L’Air du Désert Marocain created by the Swiss perfumer Andy Tauer is a great illustration of the affinity between amber and patchouli. The two notes both have contrasting and complementary facets, and while their marriage is fascinating, arriving at the right balance is tricky. In L’Air du Désert Marocain, the harmony is quite striking—the resinous darkness of labdanum is wrapped around the chocolate bitterness of patchouli, with accents of woods and spices lending the composition a radiant quality.

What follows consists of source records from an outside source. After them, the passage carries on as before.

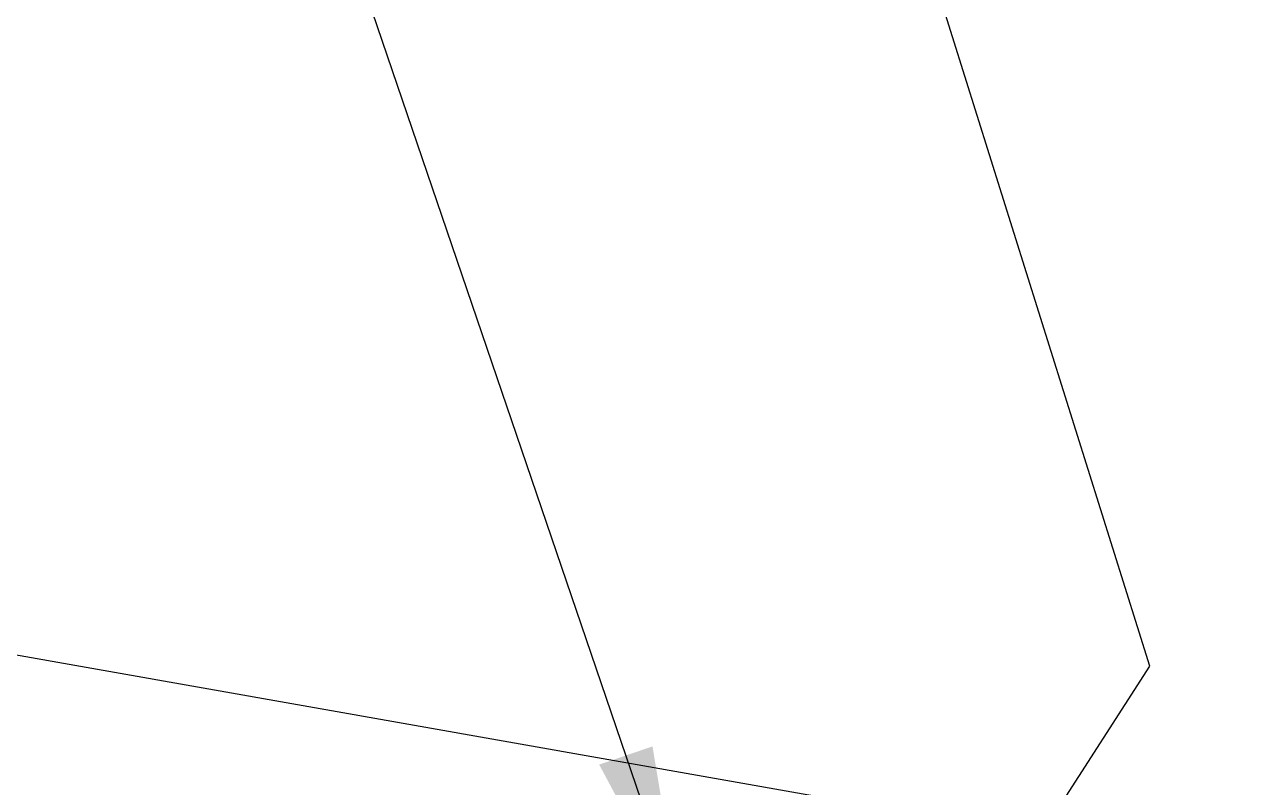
# Model space of a CAD drawing. Header units: inches. Extents: x -33163 to 19162, y -8858 to 30669.
# Drawn here: x -17014.891 to -17011.29, y 18036.385 to 18038.611 of the extents above; entities that cross this region are included whole.
import ezdxf

# ---------------------------------------------------------------- set-up
doc = ezdxf.new("R2010")
doc.units = ezdxf.units.IN
doc.layers.get('0').update_dxf_attribs({"color": 9, "lineweight": 0})
doc.layers.add('20 - 7.2 PANEL', color=5, linetype='Continuous')
doc.styles.add('TEXT', font='SIMPLEX.shx', dxfattribs={"width": 0.75, "height": 0.375})
doc.dimstyles.new('DETAIL$7', dxfattribs={"dimscale": 4, "dimtxt": 0.375, "dimasz": 0.125, "dimexe": 0.0625, "dimexo": 0.0625, "dimgap": 0.0625, "dimtad": 1, "dimdec": 4, "dimzin": 3, "dimdsep": 46, "dimlunit": 4, "dimtxsty": 'TEXT', "dimblk": 'ARCHTICK', "dimcen": 0.0625, "dimclrd": 7, "dimclre": 7, "dimclrt": 2, "dimadec": 0, "dimazin": 0, "dimtfac": 0.6, "dimtdec": 4, "dimtmove": 0, "dimatfit": 3, "dimfxl": 1, "dimfrac": 2, "dimtolj": 1, "dimtzin": 0, "dimarcsym": 0})

# ---------------------------------------------------------------- blocks, each defined once
blk = doc.blocks.new('_ArchTick')
at = {"color": 0, "linetype": 'ByBlock', "const_width": 0.15}
blk.add_lwpolyline([(-0.5, -0.5), (0.5, 0.5)], dxfattribs=at)

msp = doc.modelspace()

# ---------------------------------------------------------------- linework, layer by layer
at = {"layer": '20 - 7.2 PANEL'}
msp.add_line((-17011.28953, 18036.13081), (-17024.73867, 18038.50226), dxfattribs=at)

# ---------------------------------------------------------------- leaders
for points in [[(-17012.59335, 18035.2079), (-17011.6061, 18036.73815), (-17013.51186, 18042.81937)], [(-17012.97454, 18036.00436), (-17014.55934, 18040.65465), (-17014.80154, 18040.65465)]]:
    msp.add_leader(points, dimstyle='DETAIL$7')

doc.saveas('drawing.dxf')
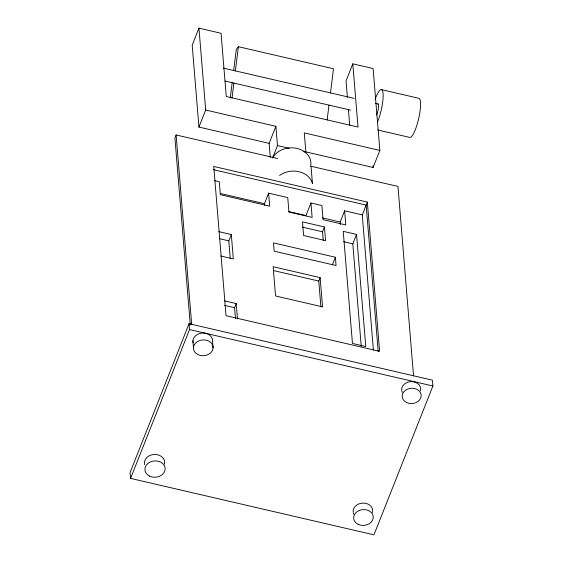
<?xml version="1.0" encoding="UTF-8"?>
<svg xmlns="http://www.w3.org/2000/svg" width="563" height="563" viewBox="0 0 563 563"><rect width="100%" height="100%" fill="white"/><g stroke="black" fill="none" stroke-linecap="round" stroke-linejoin="round"><path stroke-width="0.84" d="M230.253 98.096L232.195 82.458M233.701 70.291L236.284 49.438L238.402 46.694L333.479 68.756L330.467 93.078M232.055 97.962L233.884 83.19M235.39 71.022L238.402 46.694M327.131 120.018L328.961 105.246M305.16 151.721L373.093 167.478L379.849 150.427L373.121 68.559L352.811 63.844L358.005 127.055L226.263 96.491L221.062 33.28L198.957 28.15L192.201 45.202L198.929 127.076L269.135 143.361L270.289 157.38M277.735 158.534L176.113 134.958L174.924 137.97L190.294 324.893M198.929 127.076L205.685 110.024L198.957 28.15M189.048 323.704L130.088 472.54L130.574 478.388L373.952 534.85L432.912 386.007L432.426 380.166L189.048 323.704L189.527 329.552L130.574 478.388M230.232 258.269L228.803 240.858L231.309 234.539L218.74 231.625M269.135 143.361L275.891 126.309L205.685 110.024M272.654 157.767L277.475 145.585L275.891 126.309M264.603 205.446L264.455 203.715L268.635 193.172L287.749 197.606L288.939 212.047L312.134 217.424L310.945 202.99L321.902 205.53L323.063 219.676L345.795 224.947L344.633 210.801L362.269 214.897L373.396 350.165M235.489 318.7L234.581 307.701L236.214 303.577L224.454 300.846M352.811 63.844L346.055 80.896L347.406 97.35M310.945 202.99L305.976 215.538L288.58 211.505M323.225 240.324L322.522 231.794L324.429 226.973L302.5 221.885L303.619 235.538L325.555 240.626L324.429 226.973M340.397 224.517L340.186 222.019L344.633 210.801M320.903 306.87L318.785 281.064L320.143 277.622L273.139 266.721L275.546 295.969L322.55 306.87L320.143 277.622M332.395 264.772L335.372 257.249L273.491 242.892L274.167 251.175L336.055 265.532L335.372 257.249M362.269 214.897L367.343 202.089L213.757 166.458L226.03 315.688L379.617 351.319L367.343 202.089M361.242 346.336L352.811 243.856L356.548 234.426L343.233 231.337L352.452 343.451L365.767 346.541L356.548 234.426M381.214 89.587L418.633 98.251A20.092 4.42 -77 0 1 418.823 117.92A20.092 4.42 -77 0 1 409.984 137.449L377.667 129.969M223.384 68.109L354.148 98.384M375.514 103.332L378.076 103.923M225.045 81.044L350.672 110.13M379.849 150.427L304.273 132.889L305.857 152.172L303.351 151.588M277.475 145.585L289.164 148.294M213.419 169.667L366.154 205.094L378.209 351.713M214.39 180.589L219.288 181.729L220.351 194.699L269.698 206.149L268.635 193.172M220.217 193.454L264.455 203.715M322.508 217.916L340.186 222.019M302.275 227.093L322.522 231.794M343.655 241.731L352.811 243.856M219.591 238.726L228.803 240.858M220.745 255.996L233.314 258.917L231.309 234.539M273.491 270.557L318.785 281.064M224.496 305.364L234.581 307.701M189.527 329.552L432.912 386.007M413.545 375.964L397.964 186.423L311.036 166.261L312.458 183.594A20.092 16.172 -4.7 0 0 279.565 175.48M372.952 165.733L373.093 167.478M348.406 109.468L349.686 125.056M236.214 303.577L237.466 318.806M213.081 347.934A9.824 7.903 -4.7 0 0 198.816 340.897A9.824 7.903 -4.7 0 0 197.951 354.613A9.824 7.903 -4.7 0 0 213.081 347.934L212.518 341.044A9.824 7.903 -4.7 0 0 201.934 333.057A9.824 7.903 -4.7 0 0 193.123 342.86M176.113 134.958L191.701 324.499M192.919 340.805L193.482 347.695M272.499 157.985A20.092 16.172 -4.7 0 1 296.673 148.343A20.092 16.172 -4.7 0 1 310.628 166.205M377.674 104.134A6.123 1.344 -77 0 1 378.547 107.596A6.123 1.344 -77 0 1 376.323 115.063M375.141 99.32A20.092 4.42 -77 0 1 383.044 93.374A20.092 4.42 -77 0 1 377.351 122.361M353.198 512.246A9.81 7.896 -4.7 0 1 363.424 503.083A9.81 7.896 -4.7 0 1 372.467 512.492M353.838 514.23A9.81 7.896 -4.7 0 1 353.339 512.921M144.6 464.644A10.141 8.163 -4.7 0 1 154.579 454.475A10.141 8.163 -4.7 0 1 164.375 464.194M402.32 392.418A9.522 7.664 -4.7 0 1 410.371 381.651A9.522 7.664 -4.7 0 1 420.399 390.729M149.533 476.101A10.141 8.163 -4.7 0 0 165.149 469.211A10.141 8.163 -4.7 0 0 150.42 461.941A10.141 8.163 -4.7 0 0 149.533 476.101M358.124 524.294A9.81 7.896 -4.7 0 0 373.241 517.629A9.81 7.896 -4.7 0 0 358.997 510.592A9.81 7.896 -4.7 0 0 358.124 524.294M406.514 402.496A9.522 7.664 -4.7 0 0 421.173 396.021A9.522 7.664 -4.7 0 0 407.345 389.195A9.522 7.664 -4.7 0 0 406.514 402.496"/></g></svg>

L’Air du Désert Marocain was launched in 2005, and among Tauer’s fragrances, it is one of the most successful. This popularity is not surprising, considering that not only does it weave an interesting story, it presents its oriental theme in all its opulent splendor. By contrast, most of the big oriental launches of the past few years have veered into the direction of fruity gourmand (Yves Saint Laurent Belle d’Opium, Jimmy Choo Eau de Parfum, etc.) Those who love the velvety darkness of classical orientals and miss it in the latest fragrance offerings will find L’Air du Désert Marocain to be a great discovery.

On skin, the amber-patchouli accord is noticeable upon the first inhale. The typical voluptuous aura of a classical amber (which is a combination of vanilla and labdanum) is very appealing in this context. Despite the richness of materials, L’Air du Désert Marocain has a surprisingly radiant quality. The citrus notes give it a sparkling lift at the top, while the cool woody accents dispel the heft of amber in the drydown.

There is an exotic quality to L’Air du Désert Marocain, and while it is a modern composition in its refined, streamlined structure, it hints at another era. It is not a fragrance to throw on mindlessly as one rushes about getting ready for work. It tempts one to slow down and apply the dark gold liquid with a few careful touches on one’s skin. And careful one must be, for L’Air du Désert Marocain is a potent blend with excellent tenacity. A couple of drops suffice to perfume me for the whole day and serve as an excuse to dream of sun warmed stones, jasmine crushed between hot fingers and other trappings of my own oriental tale.

Tauer L’Air du Désert Marocain includes notes of coriander, petitgrain, bitter orange, lemon, bergamot, jasmine, labdanum, geranium, cedarwood, vetiver, vanilla, patchouli and ambergris. Available at Luckyscent, First in Fragrance, The Perfume Shoppe, as well as directly from Tauer Perfumes. Eau de Toilette Intense 50ml, $125.

Sample: my own acquisition



  • Debbie: Amber, patchouli, jasmine…this sounds like heaven to me. Thank you for a lovely review. I will seek it out – it may well become part of my autumn/winter perfume wardrobe if it smells as good as it sounds. September 12, 2011 at 9:16am Reply

  • Sharryn Stormonth: This is my favourite perfume, I have just ordered a full bottle. I can wear this anywhere, anytime to hell with convention. LdDM is a beautiful composition. The amber doesn’t get bedded down and heavy, it sings along all the way. Oh! did I say, I love it. I am getting some other samples to be fair to Andy, he is no one-trick pony. September 12, 2011 at 9:29am Reply

  • Suzanna: This was an immediate triumph and it has remained so. As you point out, it is unlike many modern “Oriental” compositions.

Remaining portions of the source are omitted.